Roy stood up. “I told you. You better watch your mouth.”
Fitzgerald put his hand on his short revolver and said, “Sit your ass back down.”
Roy did, but he was simmering, and DeMarco thought—actually, he hoped—that Roy would attack him.
“Where do you guys know Greg Canyon from?” Fitzgerald asked.
“Who?” they said in unison.
DeMarco looked over at the hefty barmaid standing behind the bar, listening to everything. “What’s your bartender’s name?” he asked Ray.
“Doreen. Why?”
DeMarco walked over to Doreen and said, “Were you here last night, Doreen?”
She scowled at him, making him think of a pit bull with freckles. “Yeah.”
“And were the McNultys here the whole time you were here?”
“They were wherever they said they were.”

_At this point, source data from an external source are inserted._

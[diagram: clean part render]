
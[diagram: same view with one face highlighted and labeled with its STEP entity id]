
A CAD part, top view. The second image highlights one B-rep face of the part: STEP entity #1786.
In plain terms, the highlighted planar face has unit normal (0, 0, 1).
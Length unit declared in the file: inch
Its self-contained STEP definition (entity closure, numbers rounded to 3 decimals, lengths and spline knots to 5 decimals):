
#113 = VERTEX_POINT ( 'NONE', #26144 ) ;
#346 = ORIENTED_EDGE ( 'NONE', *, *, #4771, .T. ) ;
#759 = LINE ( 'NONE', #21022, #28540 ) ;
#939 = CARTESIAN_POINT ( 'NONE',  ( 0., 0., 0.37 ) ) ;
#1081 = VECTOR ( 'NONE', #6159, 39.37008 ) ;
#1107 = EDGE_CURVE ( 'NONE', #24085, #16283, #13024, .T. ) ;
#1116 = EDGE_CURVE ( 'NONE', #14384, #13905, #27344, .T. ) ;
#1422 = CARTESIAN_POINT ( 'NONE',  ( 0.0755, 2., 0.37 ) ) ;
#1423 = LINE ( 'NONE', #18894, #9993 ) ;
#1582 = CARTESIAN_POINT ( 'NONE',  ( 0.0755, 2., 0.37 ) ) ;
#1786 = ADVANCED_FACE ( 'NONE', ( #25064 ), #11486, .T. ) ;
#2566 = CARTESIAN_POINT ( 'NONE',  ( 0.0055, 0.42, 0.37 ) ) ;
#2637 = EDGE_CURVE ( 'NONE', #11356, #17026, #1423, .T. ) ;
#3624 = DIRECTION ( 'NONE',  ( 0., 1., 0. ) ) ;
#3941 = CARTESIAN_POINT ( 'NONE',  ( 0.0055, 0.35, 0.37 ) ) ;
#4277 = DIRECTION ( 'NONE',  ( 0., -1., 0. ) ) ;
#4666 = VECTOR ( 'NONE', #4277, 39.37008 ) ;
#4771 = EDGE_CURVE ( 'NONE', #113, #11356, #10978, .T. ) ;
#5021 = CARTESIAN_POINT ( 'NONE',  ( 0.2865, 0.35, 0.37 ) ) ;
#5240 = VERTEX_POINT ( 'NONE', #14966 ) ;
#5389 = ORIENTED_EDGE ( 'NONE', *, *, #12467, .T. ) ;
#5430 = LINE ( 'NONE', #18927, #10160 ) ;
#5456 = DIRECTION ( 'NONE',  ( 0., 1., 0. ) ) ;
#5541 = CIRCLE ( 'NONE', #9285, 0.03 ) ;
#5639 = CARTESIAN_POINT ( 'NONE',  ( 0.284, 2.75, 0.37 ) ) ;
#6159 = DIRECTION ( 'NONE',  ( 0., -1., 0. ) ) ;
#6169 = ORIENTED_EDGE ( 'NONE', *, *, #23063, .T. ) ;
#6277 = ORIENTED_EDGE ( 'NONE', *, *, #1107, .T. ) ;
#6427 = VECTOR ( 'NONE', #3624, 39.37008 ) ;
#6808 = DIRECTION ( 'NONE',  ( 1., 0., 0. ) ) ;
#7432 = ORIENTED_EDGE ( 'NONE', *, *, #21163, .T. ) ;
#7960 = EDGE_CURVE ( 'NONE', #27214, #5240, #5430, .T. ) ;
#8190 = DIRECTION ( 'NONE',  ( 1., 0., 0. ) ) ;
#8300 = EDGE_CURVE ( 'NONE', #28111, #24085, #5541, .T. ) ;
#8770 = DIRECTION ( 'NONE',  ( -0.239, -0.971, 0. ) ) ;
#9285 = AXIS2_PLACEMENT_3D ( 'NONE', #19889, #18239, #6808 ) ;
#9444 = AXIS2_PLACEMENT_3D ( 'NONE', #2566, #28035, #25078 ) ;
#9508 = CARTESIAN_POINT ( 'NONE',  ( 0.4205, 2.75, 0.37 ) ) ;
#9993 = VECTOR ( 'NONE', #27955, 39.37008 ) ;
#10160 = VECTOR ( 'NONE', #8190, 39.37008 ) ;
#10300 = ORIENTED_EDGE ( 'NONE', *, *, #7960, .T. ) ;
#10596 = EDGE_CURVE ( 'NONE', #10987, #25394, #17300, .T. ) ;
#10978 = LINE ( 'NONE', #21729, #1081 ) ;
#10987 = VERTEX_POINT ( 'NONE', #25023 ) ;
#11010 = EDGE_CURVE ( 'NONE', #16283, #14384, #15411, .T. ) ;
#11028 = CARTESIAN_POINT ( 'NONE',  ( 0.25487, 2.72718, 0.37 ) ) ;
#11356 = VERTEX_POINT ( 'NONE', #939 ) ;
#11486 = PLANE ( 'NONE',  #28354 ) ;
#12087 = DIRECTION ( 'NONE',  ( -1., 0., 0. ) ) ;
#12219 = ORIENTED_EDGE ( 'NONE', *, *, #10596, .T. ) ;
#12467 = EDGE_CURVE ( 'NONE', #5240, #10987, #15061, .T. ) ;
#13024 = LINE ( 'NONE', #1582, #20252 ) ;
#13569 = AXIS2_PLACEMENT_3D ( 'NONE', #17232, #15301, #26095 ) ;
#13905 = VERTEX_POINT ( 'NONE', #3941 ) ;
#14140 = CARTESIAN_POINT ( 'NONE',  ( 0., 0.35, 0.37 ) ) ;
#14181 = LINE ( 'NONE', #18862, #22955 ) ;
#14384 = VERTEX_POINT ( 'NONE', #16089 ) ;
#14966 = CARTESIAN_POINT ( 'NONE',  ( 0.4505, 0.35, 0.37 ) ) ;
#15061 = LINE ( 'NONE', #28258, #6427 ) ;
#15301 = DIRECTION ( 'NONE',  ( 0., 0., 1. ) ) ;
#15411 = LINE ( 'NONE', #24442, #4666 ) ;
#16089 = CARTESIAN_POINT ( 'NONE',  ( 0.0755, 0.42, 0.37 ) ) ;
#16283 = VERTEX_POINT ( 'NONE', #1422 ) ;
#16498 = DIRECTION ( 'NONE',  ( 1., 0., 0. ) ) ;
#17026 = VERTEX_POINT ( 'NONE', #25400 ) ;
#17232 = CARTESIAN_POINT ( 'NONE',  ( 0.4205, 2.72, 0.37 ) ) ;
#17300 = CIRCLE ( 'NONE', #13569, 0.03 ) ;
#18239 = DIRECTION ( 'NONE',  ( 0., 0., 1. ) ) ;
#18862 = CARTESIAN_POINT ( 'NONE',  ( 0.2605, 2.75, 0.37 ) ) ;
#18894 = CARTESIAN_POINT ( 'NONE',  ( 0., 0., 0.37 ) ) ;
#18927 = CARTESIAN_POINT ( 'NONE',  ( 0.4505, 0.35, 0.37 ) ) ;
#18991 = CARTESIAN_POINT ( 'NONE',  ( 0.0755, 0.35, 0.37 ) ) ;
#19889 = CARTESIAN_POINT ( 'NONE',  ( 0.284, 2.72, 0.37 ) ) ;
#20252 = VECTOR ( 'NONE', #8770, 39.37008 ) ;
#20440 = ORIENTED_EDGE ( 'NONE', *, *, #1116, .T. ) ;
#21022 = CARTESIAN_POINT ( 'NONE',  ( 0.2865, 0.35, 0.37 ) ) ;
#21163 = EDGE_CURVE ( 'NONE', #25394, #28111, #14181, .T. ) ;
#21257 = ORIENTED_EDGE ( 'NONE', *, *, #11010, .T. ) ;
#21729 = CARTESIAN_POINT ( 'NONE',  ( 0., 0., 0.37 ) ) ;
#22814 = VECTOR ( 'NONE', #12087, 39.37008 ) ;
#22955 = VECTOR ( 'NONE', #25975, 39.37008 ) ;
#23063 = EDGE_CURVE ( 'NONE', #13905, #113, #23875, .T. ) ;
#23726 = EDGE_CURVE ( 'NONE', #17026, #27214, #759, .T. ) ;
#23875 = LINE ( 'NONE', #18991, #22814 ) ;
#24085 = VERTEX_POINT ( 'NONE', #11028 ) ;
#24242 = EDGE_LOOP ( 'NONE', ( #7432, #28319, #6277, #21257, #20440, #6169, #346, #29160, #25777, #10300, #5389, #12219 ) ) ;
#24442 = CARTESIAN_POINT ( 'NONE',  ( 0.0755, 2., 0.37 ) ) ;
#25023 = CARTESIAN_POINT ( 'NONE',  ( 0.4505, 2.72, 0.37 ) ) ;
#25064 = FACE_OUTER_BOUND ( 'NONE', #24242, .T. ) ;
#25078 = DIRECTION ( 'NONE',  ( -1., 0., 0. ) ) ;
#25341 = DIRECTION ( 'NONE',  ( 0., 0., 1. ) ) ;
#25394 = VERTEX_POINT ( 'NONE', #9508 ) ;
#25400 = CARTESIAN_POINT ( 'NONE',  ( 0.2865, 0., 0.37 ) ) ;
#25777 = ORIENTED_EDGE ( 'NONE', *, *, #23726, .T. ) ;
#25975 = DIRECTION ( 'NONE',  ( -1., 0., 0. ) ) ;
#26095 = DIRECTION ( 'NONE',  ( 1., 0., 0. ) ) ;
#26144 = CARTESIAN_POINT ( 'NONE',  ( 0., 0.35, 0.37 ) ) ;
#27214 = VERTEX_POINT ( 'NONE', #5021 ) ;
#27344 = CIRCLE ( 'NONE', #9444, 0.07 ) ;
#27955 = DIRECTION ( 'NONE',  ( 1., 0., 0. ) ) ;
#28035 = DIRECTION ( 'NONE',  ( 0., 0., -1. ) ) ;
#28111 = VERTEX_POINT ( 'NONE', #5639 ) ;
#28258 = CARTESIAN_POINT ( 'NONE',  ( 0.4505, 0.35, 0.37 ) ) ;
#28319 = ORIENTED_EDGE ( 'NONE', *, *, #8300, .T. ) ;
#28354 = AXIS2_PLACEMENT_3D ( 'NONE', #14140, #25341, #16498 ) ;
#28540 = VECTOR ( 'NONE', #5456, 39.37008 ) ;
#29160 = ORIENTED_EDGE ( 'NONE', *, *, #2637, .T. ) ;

DeMarco knew he was wasting his time. With people like Doreen loyalty to your friends always came first, plus the McNultys, since they owned the bar, employed her. Nonetheless, he said, “I know what they said, but I want to hear what you have to say. So were they in the bar last night and how long were they here?”
Doreen just crossed her arms over her broad chest and stared at him.
“They made an old lady fall down some stairs,” DeMarco said. “They were trying to kill her.” Doreen didn’t even blink. “If she dies, Doreen, and you cover for them, you can be charged as an accessory.”
“If you’re not going to order a drink,” Doreen said, “move along.”